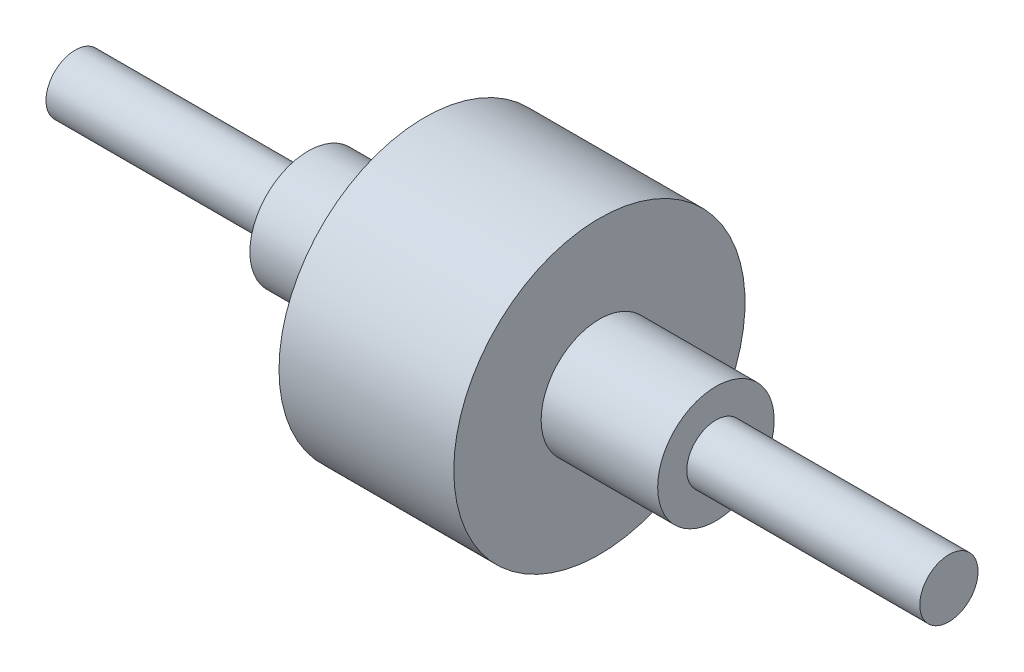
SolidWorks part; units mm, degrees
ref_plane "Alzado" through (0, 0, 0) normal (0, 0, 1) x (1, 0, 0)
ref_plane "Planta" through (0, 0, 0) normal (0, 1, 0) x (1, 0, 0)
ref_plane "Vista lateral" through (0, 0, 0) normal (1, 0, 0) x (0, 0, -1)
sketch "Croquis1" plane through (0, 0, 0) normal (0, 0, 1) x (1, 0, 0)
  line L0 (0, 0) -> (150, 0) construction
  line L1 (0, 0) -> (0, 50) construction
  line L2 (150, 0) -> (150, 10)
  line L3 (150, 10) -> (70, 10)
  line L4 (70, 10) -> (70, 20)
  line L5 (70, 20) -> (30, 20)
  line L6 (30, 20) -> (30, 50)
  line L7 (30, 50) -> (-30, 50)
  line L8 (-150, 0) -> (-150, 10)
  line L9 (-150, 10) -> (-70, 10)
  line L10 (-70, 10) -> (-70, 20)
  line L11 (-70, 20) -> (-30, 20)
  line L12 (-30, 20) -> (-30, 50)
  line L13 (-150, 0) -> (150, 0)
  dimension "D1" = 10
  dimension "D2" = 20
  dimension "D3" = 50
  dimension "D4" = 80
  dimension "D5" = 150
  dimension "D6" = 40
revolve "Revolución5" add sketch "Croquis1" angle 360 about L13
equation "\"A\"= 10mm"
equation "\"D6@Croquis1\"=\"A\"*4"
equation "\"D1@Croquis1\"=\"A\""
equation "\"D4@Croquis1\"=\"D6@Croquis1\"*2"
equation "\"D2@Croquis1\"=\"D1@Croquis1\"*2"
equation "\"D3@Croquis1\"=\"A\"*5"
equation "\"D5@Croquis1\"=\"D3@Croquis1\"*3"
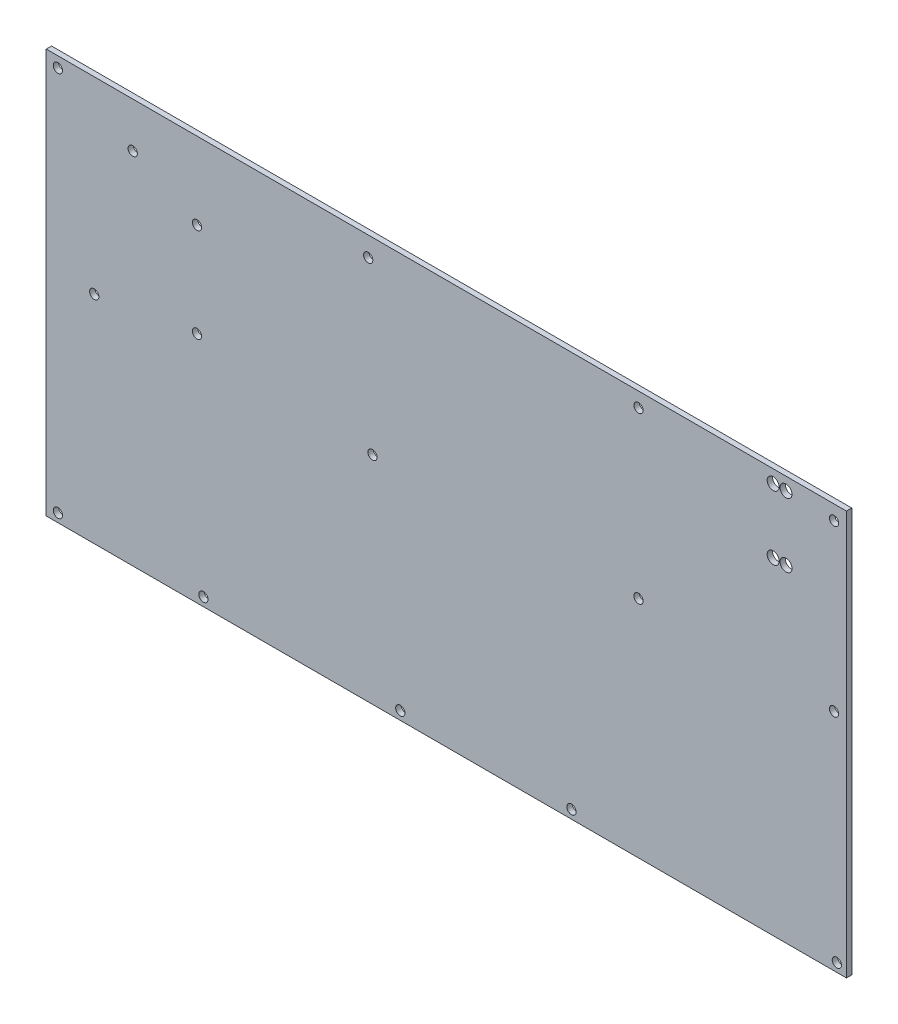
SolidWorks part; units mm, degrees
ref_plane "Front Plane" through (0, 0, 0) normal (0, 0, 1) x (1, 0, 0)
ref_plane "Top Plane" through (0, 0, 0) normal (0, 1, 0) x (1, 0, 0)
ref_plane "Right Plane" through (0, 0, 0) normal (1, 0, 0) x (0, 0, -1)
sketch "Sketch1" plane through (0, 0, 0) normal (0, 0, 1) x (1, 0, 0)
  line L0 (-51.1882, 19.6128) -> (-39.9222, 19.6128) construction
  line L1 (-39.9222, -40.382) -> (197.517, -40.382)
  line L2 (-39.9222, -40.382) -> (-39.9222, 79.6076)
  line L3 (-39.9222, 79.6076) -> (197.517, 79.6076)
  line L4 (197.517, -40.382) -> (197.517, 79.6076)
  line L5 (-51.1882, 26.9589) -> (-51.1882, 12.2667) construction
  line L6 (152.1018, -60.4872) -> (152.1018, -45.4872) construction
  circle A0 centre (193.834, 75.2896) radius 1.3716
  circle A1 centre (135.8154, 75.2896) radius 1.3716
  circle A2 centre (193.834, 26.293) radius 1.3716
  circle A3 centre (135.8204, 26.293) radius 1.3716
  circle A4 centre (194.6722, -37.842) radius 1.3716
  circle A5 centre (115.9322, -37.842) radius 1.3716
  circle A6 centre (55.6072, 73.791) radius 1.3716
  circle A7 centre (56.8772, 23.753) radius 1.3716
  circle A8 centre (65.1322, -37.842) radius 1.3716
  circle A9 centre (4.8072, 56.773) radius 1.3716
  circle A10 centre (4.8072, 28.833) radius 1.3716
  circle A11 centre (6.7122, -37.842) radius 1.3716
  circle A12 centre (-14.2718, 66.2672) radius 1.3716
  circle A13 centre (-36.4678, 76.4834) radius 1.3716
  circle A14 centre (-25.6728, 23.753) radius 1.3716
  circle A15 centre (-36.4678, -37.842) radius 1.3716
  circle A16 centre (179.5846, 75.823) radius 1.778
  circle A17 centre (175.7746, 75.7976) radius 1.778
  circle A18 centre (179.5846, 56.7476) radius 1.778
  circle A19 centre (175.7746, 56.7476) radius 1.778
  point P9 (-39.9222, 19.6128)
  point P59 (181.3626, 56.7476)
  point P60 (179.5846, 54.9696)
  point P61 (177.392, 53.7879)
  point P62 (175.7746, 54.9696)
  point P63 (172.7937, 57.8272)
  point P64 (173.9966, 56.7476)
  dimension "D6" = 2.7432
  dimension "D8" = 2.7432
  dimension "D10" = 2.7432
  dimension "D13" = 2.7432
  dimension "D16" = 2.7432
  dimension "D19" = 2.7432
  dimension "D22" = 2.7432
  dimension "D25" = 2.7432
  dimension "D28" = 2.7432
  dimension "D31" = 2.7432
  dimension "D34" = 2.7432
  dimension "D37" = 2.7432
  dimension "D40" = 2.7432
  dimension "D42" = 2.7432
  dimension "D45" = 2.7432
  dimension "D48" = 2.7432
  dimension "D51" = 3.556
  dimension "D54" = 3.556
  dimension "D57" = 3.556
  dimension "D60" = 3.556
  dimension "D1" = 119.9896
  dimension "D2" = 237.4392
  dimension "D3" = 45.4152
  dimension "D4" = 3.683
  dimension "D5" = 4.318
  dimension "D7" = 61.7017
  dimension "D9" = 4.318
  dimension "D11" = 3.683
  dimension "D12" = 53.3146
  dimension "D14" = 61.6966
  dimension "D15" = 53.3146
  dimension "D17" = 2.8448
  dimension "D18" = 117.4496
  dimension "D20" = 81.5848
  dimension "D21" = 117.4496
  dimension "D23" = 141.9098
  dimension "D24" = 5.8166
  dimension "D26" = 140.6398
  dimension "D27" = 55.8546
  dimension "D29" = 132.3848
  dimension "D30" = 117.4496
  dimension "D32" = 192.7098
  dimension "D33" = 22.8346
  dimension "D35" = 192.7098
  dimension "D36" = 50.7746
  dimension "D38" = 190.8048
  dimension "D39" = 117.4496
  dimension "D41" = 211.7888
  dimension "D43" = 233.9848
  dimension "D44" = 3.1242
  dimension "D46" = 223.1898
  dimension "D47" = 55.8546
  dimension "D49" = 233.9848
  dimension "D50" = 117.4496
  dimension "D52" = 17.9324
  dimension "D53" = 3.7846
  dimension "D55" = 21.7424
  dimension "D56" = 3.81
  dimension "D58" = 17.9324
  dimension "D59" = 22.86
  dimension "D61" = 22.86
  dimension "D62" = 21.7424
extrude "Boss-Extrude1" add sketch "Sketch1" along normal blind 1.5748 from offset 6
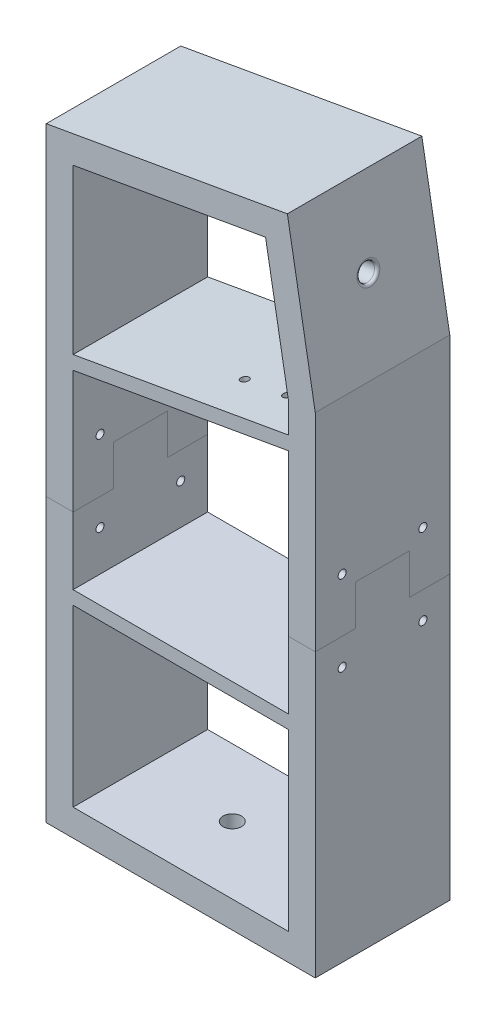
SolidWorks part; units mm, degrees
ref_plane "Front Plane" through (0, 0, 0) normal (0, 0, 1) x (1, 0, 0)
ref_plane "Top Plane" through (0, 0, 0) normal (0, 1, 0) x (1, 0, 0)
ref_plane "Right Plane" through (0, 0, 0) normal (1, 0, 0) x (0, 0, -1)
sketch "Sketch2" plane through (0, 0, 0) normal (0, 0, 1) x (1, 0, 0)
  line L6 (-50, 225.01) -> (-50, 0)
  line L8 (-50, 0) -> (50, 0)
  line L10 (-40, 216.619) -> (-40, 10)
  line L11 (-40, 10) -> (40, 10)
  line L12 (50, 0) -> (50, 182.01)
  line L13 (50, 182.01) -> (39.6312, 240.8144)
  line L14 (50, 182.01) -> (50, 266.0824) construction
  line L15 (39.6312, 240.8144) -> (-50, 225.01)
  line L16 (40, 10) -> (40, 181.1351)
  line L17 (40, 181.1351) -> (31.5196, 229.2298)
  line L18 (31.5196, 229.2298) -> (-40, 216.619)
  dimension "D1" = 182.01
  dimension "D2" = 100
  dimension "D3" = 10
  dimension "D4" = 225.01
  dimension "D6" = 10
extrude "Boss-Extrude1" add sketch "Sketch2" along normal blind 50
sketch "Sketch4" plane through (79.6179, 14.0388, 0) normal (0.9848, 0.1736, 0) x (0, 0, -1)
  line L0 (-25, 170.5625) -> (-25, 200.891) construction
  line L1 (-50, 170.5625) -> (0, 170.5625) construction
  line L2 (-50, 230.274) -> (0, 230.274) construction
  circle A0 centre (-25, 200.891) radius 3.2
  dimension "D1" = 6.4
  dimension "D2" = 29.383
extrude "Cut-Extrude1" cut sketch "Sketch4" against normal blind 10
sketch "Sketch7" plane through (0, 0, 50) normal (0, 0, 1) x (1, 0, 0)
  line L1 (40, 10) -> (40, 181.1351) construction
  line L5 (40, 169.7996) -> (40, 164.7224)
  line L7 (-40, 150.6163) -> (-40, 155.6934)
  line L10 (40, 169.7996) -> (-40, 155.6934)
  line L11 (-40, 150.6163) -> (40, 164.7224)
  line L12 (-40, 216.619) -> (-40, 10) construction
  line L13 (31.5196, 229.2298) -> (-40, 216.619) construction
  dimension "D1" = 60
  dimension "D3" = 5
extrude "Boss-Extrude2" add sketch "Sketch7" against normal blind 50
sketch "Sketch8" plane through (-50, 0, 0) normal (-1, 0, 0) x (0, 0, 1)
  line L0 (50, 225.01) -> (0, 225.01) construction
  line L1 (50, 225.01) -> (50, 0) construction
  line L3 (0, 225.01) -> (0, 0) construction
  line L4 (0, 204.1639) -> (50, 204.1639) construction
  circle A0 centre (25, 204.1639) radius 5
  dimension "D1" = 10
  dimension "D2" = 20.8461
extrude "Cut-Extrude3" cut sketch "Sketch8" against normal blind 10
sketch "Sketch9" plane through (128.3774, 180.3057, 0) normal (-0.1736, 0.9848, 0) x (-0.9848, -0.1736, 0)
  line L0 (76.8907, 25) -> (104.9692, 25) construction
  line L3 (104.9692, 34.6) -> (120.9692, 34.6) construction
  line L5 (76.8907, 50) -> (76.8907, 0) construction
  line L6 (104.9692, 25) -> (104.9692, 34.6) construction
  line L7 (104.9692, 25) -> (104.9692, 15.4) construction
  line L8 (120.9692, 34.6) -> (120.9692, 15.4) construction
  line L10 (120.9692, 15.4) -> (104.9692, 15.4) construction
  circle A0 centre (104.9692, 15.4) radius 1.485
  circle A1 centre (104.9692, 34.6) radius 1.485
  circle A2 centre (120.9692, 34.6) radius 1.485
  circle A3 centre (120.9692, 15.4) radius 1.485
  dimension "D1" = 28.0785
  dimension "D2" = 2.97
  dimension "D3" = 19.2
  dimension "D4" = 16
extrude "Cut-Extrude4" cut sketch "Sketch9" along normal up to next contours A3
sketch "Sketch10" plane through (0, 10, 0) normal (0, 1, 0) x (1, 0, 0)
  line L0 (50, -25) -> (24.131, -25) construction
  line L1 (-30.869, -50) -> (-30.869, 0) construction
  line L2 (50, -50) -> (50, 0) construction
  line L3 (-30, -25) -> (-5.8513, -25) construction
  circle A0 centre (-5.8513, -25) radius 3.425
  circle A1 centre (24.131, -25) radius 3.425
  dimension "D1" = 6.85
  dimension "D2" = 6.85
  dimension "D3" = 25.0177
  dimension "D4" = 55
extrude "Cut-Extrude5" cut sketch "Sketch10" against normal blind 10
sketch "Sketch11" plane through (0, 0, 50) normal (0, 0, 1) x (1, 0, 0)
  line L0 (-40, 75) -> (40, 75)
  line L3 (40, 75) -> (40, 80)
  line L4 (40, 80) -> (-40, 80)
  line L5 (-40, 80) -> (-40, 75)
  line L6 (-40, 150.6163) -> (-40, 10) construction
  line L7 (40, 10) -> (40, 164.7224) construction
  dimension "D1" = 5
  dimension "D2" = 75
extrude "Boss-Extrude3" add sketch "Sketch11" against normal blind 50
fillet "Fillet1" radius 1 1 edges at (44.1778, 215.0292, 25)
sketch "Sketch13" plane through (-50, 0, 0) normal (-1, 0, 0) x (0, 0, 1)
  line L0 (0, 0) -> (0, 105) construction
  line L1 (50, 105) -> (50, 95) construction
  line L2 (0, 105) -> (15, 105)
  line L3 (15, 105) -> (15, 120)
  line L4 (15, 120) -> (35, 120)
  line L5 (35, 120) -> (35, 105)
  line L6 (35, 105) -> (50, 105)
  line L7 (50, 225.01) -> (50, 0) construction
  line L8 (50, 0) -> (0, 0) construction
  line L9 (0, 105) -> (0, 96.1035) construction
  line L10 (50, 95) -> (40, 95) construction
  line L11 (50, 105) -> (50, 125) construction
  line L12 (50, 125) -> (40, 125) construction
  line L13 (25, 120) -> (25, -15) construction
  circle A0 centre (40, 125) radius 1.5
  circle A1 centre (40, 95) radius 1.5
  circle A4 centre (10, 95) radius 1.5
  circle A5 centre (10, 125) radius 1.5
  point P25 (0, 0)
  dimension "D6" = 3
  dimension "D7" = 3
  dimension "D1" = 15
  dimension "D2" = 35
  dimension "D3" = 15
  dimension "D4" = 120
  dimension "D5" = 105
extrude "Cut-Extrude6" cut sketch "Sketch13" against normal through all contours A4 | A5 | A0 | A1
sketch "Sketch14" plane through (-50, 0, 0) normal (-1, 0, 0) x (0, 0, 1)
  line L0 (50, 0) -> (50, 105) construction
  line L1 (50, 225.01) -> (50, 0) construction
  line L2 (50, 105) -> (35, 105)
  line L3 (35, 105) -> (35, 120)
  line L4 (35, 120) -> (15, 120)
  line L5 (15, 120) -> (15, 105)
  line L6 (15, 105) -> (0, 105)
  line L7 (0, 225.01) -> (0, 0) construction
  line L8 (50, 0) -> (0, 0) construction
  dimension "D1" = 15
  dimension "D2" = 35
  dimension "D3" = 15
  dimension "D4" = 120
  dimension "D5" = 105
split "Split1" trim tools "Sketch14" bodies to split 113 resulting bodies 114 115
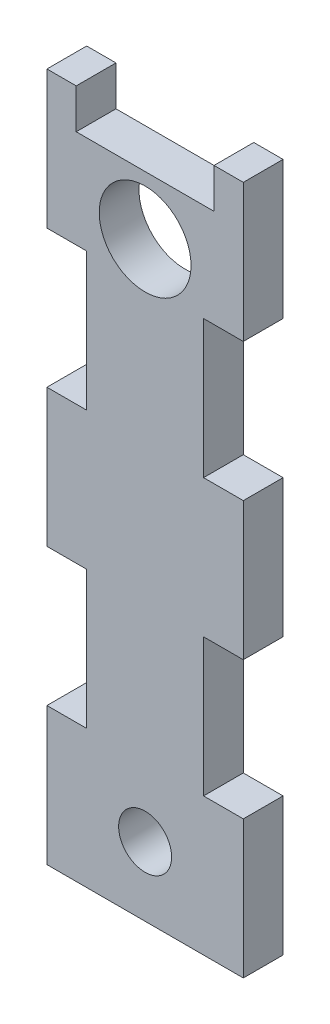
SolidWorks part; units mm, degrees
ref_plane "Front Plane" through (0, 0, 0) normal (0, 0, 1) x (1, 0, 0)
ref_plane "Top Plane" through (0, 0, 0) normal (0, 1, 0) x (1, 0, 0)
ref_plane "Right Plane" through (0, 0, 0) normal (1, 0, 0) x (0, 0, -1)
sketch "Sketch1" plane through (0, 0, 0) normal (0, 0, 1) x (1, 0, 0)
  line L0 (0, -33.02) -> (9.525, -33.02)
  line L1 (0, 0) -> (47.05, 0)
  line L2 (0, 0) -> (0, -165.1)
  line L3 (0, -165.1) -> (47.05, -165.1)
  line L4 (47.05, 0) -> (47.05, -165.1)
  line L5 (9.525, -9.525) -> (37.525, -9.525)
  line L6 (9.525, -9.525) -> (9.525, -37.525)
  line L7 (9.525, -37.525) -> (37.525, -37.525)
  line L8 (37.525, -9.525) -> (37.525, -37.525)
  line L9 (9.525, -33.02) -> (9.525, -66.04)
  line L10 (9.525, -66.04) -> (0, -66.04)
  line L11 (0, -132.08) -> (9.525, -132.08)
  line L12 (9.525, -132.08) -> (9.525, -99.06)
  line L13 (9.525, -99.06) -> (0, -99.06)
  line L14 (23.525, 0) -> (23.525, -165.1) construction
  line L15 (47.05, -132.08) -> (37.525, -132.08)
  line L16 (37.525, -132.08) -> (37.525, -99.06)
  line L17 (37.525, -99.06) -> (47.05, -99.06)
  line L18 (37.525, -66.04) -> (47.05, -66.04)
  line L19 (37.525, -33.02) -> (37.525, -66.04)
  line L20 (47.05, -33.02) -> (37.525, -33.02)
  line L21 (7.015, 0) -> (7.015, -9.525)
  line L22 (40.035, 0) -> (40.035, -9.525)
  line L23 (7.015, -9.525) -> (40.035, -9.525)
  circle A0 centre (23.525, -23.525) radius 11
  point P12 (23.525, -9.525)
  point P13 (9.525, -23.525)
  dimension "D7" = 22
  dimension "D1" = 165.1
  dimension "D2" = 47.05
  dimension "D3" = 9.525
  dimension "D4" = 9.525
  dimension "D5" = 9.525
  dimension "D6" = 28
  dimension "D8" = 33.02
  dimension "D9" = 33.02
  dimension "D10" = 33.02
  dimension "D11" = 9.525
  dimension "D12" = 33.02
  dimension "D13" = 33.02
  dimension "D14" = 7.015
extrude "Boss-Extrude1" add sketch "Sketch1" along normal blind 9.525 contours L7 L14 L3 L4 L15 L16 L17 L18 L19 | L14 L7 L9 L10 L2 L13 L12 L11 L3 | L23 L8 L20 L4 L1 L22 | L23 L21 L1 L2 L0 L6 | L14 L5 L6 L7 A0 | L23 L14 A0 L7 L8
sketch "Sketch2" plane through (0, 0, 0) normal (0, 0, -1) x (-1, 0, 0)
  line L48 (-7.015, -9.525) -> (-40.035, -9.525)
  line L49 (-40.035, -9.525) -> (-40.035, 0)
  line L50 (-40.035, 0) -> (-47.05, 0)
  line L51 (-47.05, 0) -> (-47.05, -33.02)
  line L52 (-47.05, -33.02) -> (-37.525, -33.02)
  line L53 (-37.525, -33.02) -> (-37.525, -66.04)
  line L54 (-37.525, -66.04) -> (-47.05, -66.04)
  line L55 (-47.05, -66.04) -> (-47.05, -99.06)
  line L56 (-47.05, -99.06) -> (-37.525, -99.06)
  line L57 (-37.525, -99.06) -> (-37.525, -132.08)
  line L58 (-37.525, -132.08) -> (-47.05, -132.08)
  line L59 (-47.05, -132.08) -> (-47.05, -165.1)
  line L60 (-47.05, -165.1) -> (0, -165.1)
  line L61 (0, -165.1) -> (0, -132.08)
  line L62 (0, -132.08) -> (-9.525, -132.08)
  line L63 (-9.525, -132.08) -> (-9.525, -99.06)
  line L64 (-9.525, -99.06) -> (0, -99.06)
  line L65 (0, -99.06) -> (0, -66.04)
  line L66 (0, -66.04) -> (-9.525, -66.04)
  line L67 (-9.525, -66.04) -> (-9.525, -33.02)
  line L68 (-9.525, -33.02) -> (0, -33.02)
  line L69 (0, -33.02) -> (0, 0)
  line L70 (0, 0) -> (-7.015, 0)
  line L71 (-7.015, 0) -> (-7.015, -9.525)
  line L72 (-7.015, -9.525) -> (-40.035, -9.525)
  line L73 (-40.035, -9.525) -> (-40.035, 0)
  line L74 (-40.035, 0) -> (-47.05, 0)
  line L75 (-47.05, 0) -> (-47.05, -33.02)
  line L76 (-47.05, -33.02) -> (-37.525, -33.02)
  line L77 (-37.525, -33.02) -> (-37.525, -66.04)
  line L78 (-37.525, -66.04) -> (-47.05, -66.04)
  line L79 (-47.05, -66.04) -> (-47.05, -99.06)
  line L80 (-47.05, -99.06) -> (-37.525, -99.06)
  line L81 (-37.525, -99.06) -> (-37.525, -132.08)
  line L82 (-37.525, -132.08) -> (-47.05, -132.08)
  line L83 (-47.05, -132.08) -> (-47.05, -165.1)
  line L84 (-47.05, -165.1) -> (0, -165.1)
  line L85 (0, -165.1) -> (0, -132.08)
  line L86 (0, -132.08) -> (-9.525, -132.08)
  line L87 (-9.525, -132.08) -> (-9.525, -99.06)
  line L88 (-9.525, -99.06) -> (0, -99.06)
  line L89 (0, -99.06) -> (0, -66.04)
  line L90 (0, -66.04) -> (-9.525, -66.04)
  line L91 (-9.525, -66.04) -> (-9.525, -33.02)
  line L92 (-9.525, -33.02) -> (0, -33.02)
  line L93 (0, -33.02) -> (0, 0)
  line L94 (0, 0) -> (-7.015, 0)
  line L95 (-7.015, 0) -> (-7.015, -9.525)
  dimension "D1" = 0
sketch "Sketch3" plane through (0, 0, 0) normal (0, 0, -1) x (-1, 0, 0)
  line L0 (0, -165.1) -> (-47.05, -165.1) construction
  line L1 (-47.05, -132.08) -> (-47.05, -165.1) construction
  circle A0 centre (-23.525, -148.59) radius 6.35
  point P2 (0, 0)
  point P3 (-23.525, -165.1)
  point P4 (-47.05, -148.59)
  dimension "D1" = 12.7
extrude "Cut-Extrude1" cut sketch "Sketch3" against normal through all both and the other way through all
**********
§ Required work:
Gather each line from the entries above that includes the word "Boss".

§ Task answer:
extrude "Boss-Extrude1" add sketch "Sketch1" along normal blind 1.5748 from offset 6
extrude "Boss-Extrude1" add sketch "Sketch2" along normal blind 50
extrude "Boss-Extrude2" add sketch "Sketch7" against normal blind 50
extrude "Boss-Extrude3" add sketch "Sketch11" against normal blind 50
extrude "Boss-Extrude1" add sketch "Sketch1" along normal blind 9.525 contours L7 L14 L3 L4 L15 L16 L17 L18 L19 | L14 L7 L9 L10 L2 L13 L12 L11 L3 | L23 L8 L20 L4 L1 L22 | L23 L21 L1 L2 L0 L6 | L14 L5 L6 L7 A0 | L23 L14 A0 L7 L8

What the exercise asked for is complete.